Biological controlBiological control can be effective through the pressure exerted by various animal groups on the vegetation. The following methods can be used (Van Rooyen 2002) : · Browsers: This includes wild browser and domestic ones such as goats. The type of browse must be acceptable for the animal and occur at a suitable height. It has ecological and economic advantages because more of the natural resources are utilised and an income is provided. · Insects: Insect control of especially exotic invaders is a promising approach to plant control. Insects have been used successfully against plants such as the prickly pear, jointed cactus and the Australian species of the genus Acacia. Effective bio control agents cause a gradual thinning of dense stands of invading alien plants, which allows the natural vegetation to return as part of the natural process.
RECOMMENDATIONS FOR HIGHLANDS WILDERNIS GAME RANCH
Management units 1, 2, 3, 4, and 5 have a trees density of 764, 1183, 1237, 1195, and 995 per ha, respectively. The potential for bush encroachment in management unit 3 is high, especially in the mountainous areas.
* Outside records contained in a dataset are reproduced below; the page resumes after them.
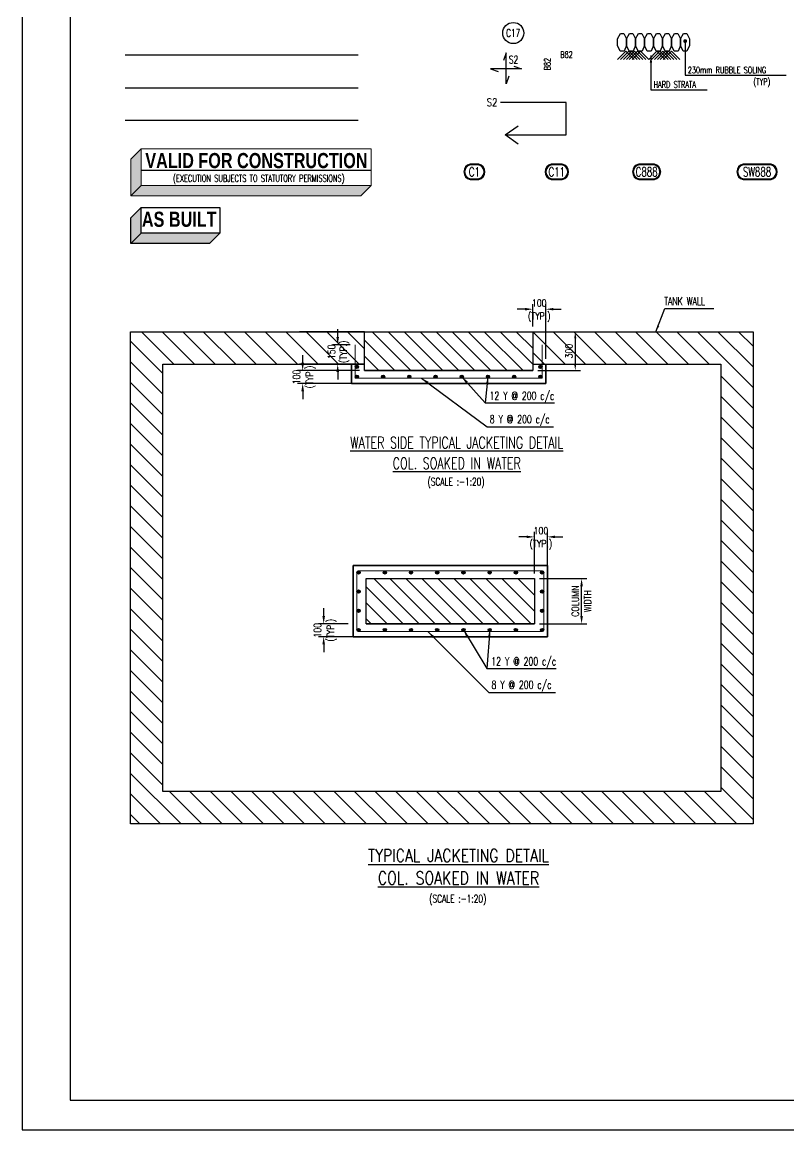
# Model space of a CAD drawing. Extents: x 345615 to 1272425, y -526289 to -156124.
# Drawn here: x 345615 to 375240, y -348663 to -305838 of the extents above; entities that cross this region are included whole.
import ezdxf
from ezdxf.enums import TextEntityAlignment as Align

# ---------------------------------------------------------------- set-up
doc = ezdxf.new("R2010")
doc.units = 0
doc.header["$LTSCALE"] = 500
doc.header["$MEASUREMENT"] = 0
doc.header["$PDMODE"] = 35
doc.header["$PDSIZE"] = -15
doc.layers.get('DEFPOINTS').update_dxf_attribs({"color": 4})
doc.layers.add('COL.', color=10, linetype='Continuous', lineweight=35)
doc.layers.add('FURNITURE', color=252, linetype='Continuous', lineweight=9)
for name, color, linetype in [('P.C.C.', 8, 'Continuous'), ('S-BEAM NO', 3, 'Continuous'), ('S-COLUMN', 1, 'Continuous'), ('S-COLUMN CIRCLE', 9, 'Continuous'), ('S-COLUMN HATCH', 8, 'Continuous'), ('S-COLUMN NO', 2, 'Continuous'), ('S-COLUMN SIZES', 2, 'Continuous'), ('S-CONCRET LINE', 4, 'Continuous'), ('S-DIM-1', 5, 'Continuous'), ('S-FILLING', 9, 'Continuous'), ('S-R.C.C. PILE CAP', 40, 'Continuous'), ('S-REINFORCEMENT', 6, 'Continuous'), ('S-RETAINING WALL', 6, 'Continuous'), ('S-SLAB MARK', 3, 'Continuous'), ('S-SLAB NO', 3, 'Continuous'), ('S-STIRUPS)', 3, 'Continuous'), ('S-TEXT', 2, 'Continuous'), ('S-TEXT-1', 4, 'Continuous'), ('S-TITAL', 6, 'Continuous'), ('S-TITIL', 6, 'Continuous'), ('S-WATER PROFING', 9, 'Continuous'), ('s_TITILE', 9, 'Continuous'), ('SCH-LINE', 7, 'Continuous')]:
    doc.layers.add(name, color=color, linetype=linetype)
doc.styles.add('ROMAND', font='simplex.shx')
doc.styles.add('ROMANS', font='simplex.shx', dxfattribs={"width": 0.8, "height": 275, "bigfont": 'bigfont.shx'})
doc.styles.add('style2', font='GOTHICB.TTF')
doc.dimstyles.new('dim100', dxfattribs={"dimtxt": 250, "dimasz": 250, "dimexe": 200, "dimexo": 200, "dimgap": 100, "dimtad": 1, "dimdec": 0, "dimzin": 0, "dimdsep": 46, "dimtxsty": 'ROMANS', "dimcen": 0, "dimclrd": 5, "dimclre": 5, "dimclrt": 4, "dimadec": 0, "dimazin": 0, "dimtfac": 1, "dimtdec": 0, "dimtix": 1, "dimtofl": 0, "dimtmove": 2, "dimatfit": 3, "dimfxl": 0, "dimtolj": 1, "dimtzin": 0, "dimlwd": -1, "dimlwe": -1, "dimarcsym": 0})
doc.dimstyles.new('dim20', dxfattribs={"dimtxt": 250, "dimasz": 250, "dimexe": 200, "dimexo": 200, "dimgap": 100, "dimtad": 1, "dimdec": 0, "dimlfac": 0.2, "dimzin": 0, "dimdsep": 46, "dimtxsty": 'ROMANS', "dimcen": 0, "dimclrd": 5, "dimclre": 5, "dimclrt": 4, "dimadec": 0, "dimazin": 0, "dimtfac": 1, "dimtdec": 0, "dimtix": 1, "dimtofl": 0, "dimtmove": 2, "dimatfit": 3, "dimfxl": 0, "dimtolj": 1, "dimtzin": 0, "dimlwd": -1, "dimlwe": -1, "dimarcsym": 0})
doc.dimstyles.new('dim200', dxfattribs={"dimtxt": 250, "dimasz": 250, "dimexe": 200, "dimexo": 200, "dimgap": 100, "dimtad": 1, "dimdec": 0, "dimlfac": 2, "dimzin": 0, "dimdsep": 46, "dimtxsty": 'ROMANS', "dimcen": 0, "dimclrd": 5, "dimclre": 5, "dimclrt": 4, "dimadec": 0, "dimazin": 0, "dimtfac": 1, "dimtdec": 0, "dimtix": 1, "dimtofl": 0, "dimtmove": 2, "dimatfit": 3, "dimfxl": 0, "dimtolj": 1, "dimtzin": 0, "dimlwd": -1, "dimlwe": -1, "dimarcsym": 0})
doc.dimstyles.new('dim33.33', dxfattribs={"dimtxt": 250, "dimasz": 250, "dimexe": 200, "dimexo": 200, "dimgap": 100, "dimtad": 1, "dimdec": 0, "dimlfac": 0.333331, "dimzin": 0, "dimdsep": 46, "dimtxsty": 'ROMANS', "dimcen": 0, "dimclrd": 5, "dimclre": 5, "dimclrt": 4, "dimadec": 0, "dimazin": 0, "dimtfac": 1, "dimtdec": 0, "dimtix": 1, "dimtofl": 0, "dimtmove": 2, "dimatfit": 3, "dimfxl": 0, "dimtolj": 1, "dimtzin": 0, "dimlwd": -1, "dimlwe": -1, "dimarcsym": 0})
doc.dimstyles.new('dim50', dxfattribs={"dimtxt": 250, "dimasz": 250, "dimexe": 200, "dimexo": 200, "dimgap": 100, "dimtad": 1, "dimdec": 0, "dimlfac": 0.5, "dimzin": 0, "dimdsep": 46, "dimtxsty": 'ROMANS', "dimcen": 0, "dimclrd": 5, "dimclre": 5, "dimclrt": 4, "dimadec": 0, "dimazin": 0, "dimtfac": 1, "dimtdec": 0, "dimtix": 1, "dimtofl": 0, "dimtmove": 2, "dimatfit": 3, "dimfxl": 0, "dimtolj": 1, "dimtzin": 0, "dimlwd": -1, "dimlwe": -1, "dimarcsym": 0})

# ---------------------------------------------------------------- blocks, each defined once
blk = doc.blocks.new('zw$155A')
at = {"layer": 's_TITILE', "color": 7}
blk.add_lwpolyline([(0, 0), (88000, 0), (88000, 58000), (0, 58000)], close=True, dxfattribs=at)
at = {"layer": 's_TITILE', "color": 1}
blk.add_lwpolyline([(1300, 800), (78500, 800), (78500, 57200), (1300, 57200)], close=True, dxfattribs=at)
blk = doc.blocks.new('zw$71E4')
at = {"linetype": 'Continuous'}
for points in [[(0, 0), (400, 400), (400, 1821), (0, 1421)], [(8879, 1), (9276, 399), (400, 400), (0, 0)]]:
    blk.add_hatch(color=253, dxfattribs=at).paths.add_polyline_path(points)
at = {"color": 1}
for p, q in [((400, 1821), (0, 1421)), ((400, 400), (0, 0)), ((8878, 0), (9277, 400))]:
    blk.add_line(p, q, dxfattribs=at)
blk.add_lwpolyline([(400, 1821), (9277, 1821), (9277, 400), (400, 400)], close=True, dxfattribs=at)
blk.add_lwpolyline([(8878, 0), (0, 0), (0, 1421)], dxfattribs=at)
at = {"layer": 'SCH-LINE', "color": 252}
blk.add_line((9277, 985), (400, 985), dxfattribs=at)
at = {"layer": 'S-TEXT', "style": 'ROMANS', "width": 0.7}
blk.add_text('(EXECUTION SUBJECTS TO STATUTORY PERMISSIONS)', height=266.8, dxfattribs=at).set_placement((4939, 684), align=Align.MIDDLE_CENTER)
at = {"layer": 'S-TITIL', "style": 'style2', "width": 0.8}
blk.add_text('VALID FOR CONSTRUCTION', height=585, dxfattribs=at).set_placement((4848, 1370), align=Align.MIDDLE_CENTER)
blk = doc.blocks.new('A$C36ED28A4')
at = {"linetype": 'Continuous'}
for points in [[(0, 0), (400, 400), (400, 1387), (0, 987)], [(3032, 0), (3431, 400), (400, 400), (0, 0)]]:
    blk.add_hatch(color=253, dxfattribs=at).paths.add_polyline_path(points)
at = {"color": 1}
for p, q in [((400, 1387), (0, 987)), ((400, 400), (0, 0)), ((3032, 0), (3431, 400))]:
    blk.add_line(p, q, dxfattribs=at)
blk.add_lwpolyline([(400, 1387), (3431, 1387), (3431, 400), (400, 400)], close=True, dxfattribs=at)
blk.add_lwpolyline([(3032, 0), (0, 0), (0, 987)], dxfattribs=at)
at = {"layer": 'S-TITIL', "style": 'style2', "width": 0.8}
blk.add_text('AS BUILT', height=585, dxfattribs=at).set_placement((1865, 936), align=Align.MIDDLE_CENTER)
blk = doc.blocks.new('*D1149')
at = {"layer": 'DEFPOINTS', "color": 0}
for p in [(357266, -329099), (358411, -329099), (358911, -329599)]:
    blk.add_point(p, dxfattribs=at)
at = {"layer": 'S-DIM-1', "color": 5}
for p, q in [((357266, -328799), (357266, -328499)), ((358211, -329099), (357066, -329099)), ((358711, -329599), (357066, -329599)), ((357266, -329899), (357266, -330199))]:
    blk.add_line(p, q, dxfattribs=at)
for points in [[(357216, -328799), (357316, -328799), (357266, -329099)], [(357316, -329899), (357216, -329899), (357266, -329599)]]:
    blk.add_solid(points, dxfattribs=at)
at = {"layer": 'S-DIM-1', "color": 4, "char_height": 275, "attachment_point": 5, "rotation": 90, "style": 'ROMANS'}
for s, insert in [('\\A1;100', (357028, -329349)), ('(TYP.)', (357575, -329349))]:
    blk.add_mtext(s, dxfattribs=dict(at, insert=insert))
blk = doc.blocks.new('*D1150')
at = {"layer": 'DEFPOINTS', "color": 0}
for p in [(365911, -325739), (365411, -327349), (365911, -328849)]:
    blk.add_point(p, dxfattribs=at)
at = {"layer": 'S-DIM-1', "color": 5}
for p, q in [((365111, -325739), (364811, -325739)), ((365411, -327149), (365411, -325539)), ((365911, -328649), (365911, -325539)), ((366211, -325739), (366511, -325739))]:
    blk.add_line(p, q, dxfattribs=at)
for points in [[(365111, -325789), (365111, -325689), (365411, -325739)], [(366211, -325689), (366211, -325789), (365911, -325739)]]:
    blk.add_solid(points, dxfattribs=at)
at = {"layer": 'S-DIM-1', "color": 4, "char_height": 275, "attachment_point": 5, "style": 'ROMANS'}
for s, insert in [('\\A1;{100', (365661, -325502)), ('(TYP.)}', (365661, -326049))]:
    blk.add_mtext(s, dxfattribs=dict(at, insert=insert))
blk = doc.blocks.new('*D1151')
at = {"layer": 'DEFPOINTS', "color": 0}
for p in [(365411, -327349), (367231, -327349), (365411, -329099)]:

The mountain areas need to be managed carefully in order to prevent bush encroachment. The average density in management unit 3 is high with 1237 trees density per hectare. This area should be monitored by fixed-point photography in order to establish whether tree density is increasing over time. Management unit 3 is characterised by vast tree species of red bush willow Combretum apicutatum, velvet bush willow Combretum molle and common hook-thorn Acacia caffra. Even though red bush willow Combretum apicutatum and velvet bush willow Combretum molle are good fodder species for most game species, bush encroachment is detrimental to the ecosystem. A secondary effect of encroached areas could be soil erosion, especially encroached areas along drainage lines and against the slopes, since these areas soil surface is bare with no vegetation to stabilise the soil.